+++ Data extracts

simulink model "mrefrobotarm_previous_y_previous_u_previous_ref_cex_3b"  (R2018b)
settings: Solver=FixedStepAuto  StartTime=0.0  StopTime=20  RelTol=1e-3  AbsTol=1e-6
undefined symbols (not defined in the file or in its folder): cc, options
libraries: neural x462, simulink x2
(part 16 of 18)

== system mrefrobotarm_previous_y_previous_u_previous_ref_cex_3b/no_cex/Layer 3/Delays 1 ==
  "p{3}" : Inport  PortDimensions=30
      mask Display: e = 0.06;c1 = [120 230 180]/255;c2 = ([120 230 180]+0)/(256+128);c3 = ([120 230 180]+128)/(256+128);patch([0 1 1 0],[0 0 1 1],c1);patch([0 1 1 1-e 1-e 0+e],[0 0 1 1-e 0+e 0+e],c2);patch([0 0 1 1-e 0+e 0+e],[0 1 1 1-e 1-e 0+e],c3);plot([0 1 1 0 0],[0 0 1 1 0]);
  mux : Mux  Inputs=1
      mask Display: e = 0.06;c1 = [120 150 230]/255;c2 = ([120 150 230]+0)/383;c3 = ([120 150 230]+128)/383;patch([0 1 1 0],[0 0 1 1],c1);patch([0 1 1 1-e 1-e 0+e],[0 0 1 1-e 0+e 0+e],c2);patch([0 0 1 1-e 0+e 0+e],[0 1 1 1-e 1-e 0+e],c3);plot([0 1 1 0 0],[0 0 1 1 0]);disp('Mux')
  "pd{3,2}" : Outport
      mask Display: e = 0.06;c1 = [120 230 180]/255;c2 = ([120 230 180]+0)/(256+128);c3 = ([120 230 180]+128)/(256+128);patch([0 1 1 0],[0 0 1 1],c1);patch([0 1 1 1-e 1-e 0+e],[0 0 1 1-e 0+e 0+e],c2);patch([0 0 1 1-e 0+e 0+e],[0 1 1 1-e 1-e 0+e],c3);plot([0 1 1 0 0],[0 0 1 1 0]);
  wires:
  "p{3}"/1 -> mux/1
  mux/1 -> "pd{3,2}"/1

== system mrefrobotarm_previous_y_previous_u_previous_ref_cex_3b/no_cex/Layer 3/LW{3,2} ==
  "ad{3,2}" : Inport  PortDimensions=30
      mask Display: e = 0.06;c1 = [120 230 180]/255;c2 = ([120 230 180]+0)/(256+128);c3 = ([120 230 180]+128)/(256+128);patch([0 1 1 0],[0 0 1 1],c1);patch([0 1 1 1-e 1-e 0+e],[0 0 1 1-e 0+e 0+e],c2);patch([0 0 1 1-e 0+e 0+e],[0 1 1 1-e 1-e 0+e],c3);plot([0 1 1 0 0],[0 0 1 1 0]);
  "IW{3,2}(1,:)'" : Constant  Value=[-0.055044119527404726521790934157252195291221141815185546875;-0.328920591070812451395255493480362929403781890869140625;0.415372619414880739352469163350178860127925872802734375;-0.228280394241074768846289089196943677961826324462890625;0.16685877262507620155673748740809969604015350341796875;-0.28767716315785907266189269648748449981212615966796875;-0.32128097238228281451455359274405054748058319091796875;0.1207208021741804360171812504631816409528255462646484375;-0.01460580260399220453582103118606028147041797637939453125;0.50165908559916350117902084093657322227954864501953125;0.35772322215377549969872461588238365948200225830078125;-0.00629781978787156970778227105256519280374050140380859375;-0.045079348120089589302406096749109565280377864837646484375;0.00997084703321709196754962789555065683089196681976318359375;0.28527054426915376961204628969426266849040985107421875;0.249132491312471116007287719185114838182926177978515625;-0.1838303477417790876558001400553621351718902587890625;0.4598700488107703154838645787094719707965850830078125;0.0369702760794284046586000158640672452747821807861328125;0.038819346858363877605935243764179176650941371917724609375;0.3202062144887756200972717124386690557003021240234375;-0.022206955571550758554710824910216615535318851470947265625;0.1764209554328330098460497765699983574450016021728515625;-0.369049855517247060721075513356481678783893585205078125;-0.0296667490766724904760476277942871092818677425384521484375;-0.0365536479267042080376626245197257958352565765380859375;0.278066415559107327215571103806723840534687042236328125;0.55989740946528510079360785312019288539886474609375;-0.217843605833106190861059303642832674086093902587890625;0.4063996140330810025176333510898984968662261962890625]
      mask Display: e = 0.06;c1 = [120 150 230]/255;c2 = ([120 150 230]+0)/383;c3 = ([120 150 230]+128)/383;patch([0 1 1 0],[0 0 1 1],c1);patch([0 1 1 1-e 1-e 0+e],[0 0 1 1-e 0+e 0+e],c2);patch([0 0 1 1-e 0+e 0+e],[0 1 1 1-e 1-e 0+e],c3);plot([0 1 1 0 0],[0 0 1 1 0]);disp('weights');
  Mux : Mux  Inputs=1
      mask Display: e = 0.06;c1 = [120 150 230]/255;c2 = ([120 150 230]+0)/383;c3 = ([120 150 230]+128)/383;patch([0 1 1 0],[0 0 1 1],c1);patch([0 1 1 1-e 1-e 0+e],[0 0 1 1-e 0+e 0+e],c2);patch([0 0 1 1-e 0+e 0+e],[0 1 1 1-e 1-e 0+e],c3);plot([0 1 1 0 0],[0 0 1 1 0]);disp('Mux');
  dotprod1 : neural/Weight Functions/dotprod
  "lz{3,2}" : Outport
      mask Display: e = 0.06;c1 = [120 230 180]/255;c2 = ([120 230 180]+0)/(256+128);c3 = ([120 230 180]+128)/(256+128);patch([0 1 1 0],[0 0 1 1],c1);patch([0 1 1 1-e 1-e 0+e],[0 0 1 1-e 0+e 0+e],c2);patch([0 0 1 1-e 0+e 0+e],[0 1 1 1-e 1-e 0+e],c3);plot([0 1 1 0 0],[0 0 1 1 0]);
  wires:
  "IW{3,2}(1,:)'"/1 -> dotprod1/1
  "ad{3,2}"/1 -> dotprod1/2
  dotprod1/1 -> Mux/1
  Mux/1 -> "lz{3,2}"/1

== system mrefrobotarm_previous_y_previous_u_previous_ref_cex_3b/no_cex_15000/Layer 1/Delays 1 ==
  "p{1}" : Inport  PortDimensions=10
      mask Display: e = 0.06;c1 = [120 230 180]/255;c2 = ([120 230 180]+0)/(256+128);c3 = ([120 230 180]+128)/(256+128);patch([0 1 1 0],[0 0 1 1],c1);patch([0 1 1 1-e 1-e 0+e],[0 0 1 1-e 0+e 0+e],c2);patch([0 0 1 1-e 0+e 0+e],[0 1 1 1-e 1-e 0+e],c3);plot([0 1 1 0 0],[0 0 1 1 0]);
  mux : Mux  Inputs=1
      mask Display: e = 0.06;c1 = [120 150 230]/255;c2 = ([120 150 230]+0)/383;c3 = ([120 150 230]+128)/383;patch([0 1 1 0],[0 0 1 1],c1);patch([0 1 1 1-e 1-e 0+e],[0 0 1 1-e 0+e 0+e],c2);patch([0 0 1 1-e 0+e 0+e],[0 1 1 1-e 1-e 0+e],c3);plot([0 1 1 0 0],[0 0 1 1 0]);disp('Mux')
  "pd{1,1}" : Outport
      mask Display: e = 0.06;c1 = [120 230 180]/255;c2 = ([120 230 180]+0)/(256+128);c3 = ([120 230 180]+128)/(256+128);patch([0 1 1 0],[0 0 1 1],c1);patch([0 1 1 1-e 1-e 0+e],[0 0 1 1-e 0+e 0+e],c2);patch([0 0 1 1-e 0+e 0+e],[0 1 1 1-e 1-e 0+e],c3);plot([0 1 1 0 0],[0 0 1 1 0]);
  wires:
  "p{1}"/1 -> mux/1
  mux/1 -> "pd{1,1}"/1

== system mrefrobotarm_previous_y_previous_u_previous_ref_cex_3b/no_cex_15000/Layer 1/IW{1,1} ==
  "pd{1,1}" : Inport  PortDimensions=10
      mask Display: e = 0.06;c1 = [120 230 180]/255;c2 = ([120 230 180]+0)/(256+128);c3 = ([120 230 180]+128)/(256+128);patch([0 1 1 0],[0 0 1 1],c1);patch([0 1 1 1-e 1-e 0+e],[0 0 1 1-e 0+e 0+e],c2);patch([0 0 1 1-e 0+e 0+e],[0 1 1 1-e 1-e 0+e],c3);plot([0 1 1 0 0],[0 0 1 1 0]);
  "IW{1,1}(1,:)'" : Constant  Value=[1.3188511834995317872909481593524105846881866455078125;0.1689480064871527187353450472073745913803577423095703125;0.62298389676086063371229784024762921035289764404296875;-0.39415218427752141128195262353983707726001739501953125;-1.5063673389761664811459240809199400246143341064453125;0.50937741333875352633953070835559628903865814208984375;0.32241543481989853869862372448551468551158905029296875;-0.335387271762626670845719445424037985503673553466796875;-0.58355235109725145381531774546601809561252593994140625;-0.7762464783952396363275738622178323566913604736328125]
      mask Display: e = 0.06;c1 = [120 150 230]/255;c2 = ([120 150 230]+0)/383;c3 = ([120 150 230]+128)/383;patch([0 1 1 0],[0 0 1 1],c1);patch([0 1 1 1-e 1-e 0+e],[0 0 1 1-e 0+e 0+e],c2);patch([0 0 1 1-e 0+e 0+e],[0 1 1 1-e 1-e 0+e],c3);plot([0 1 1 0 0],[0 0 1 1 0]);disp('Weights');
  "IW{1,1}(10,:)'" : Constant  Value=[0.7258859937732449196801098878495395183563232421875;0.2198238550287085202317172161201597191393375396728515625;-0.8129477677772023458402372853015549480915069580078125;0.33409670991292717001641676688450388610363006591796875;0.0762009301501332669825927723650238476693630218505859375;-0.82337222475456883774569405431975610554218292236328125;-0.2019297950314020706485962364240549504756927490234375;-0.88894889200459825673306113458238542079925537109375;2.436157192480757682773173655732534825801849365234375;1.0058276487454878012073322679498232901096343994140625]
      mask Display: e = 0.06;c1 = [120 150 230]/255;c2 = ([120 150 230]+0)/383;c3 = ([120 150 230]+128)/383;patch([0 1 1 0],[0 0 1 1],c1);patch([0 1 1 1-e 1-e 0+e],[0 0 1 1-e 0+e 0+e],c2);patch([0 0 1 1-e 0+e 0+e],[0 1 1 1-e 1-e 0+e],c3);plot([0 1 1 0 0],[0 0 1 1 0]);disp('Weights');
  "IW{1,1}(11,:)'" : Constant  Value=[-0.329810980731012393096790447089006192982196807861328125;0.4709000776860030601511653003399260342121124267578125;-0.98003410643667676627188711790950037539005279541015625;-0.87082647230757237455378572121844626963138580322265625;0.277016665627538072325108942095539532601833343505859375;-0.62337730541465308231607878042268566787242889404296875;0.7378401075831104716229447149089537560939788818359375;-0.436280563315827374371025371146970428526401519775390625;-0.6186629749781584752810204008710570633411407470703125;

++++++

Task prompt -
Copy out each line of the entries that holds "PortDimensions".

Result of the task -
  "p{3}" : Inport  PortDimensions=30
  "ad{3,2}" : Inport  PortDimensions=30
  "p{1}" : Inport  PortDimensions=10
  "pd{1,1}" : Inport  PortDimensions=10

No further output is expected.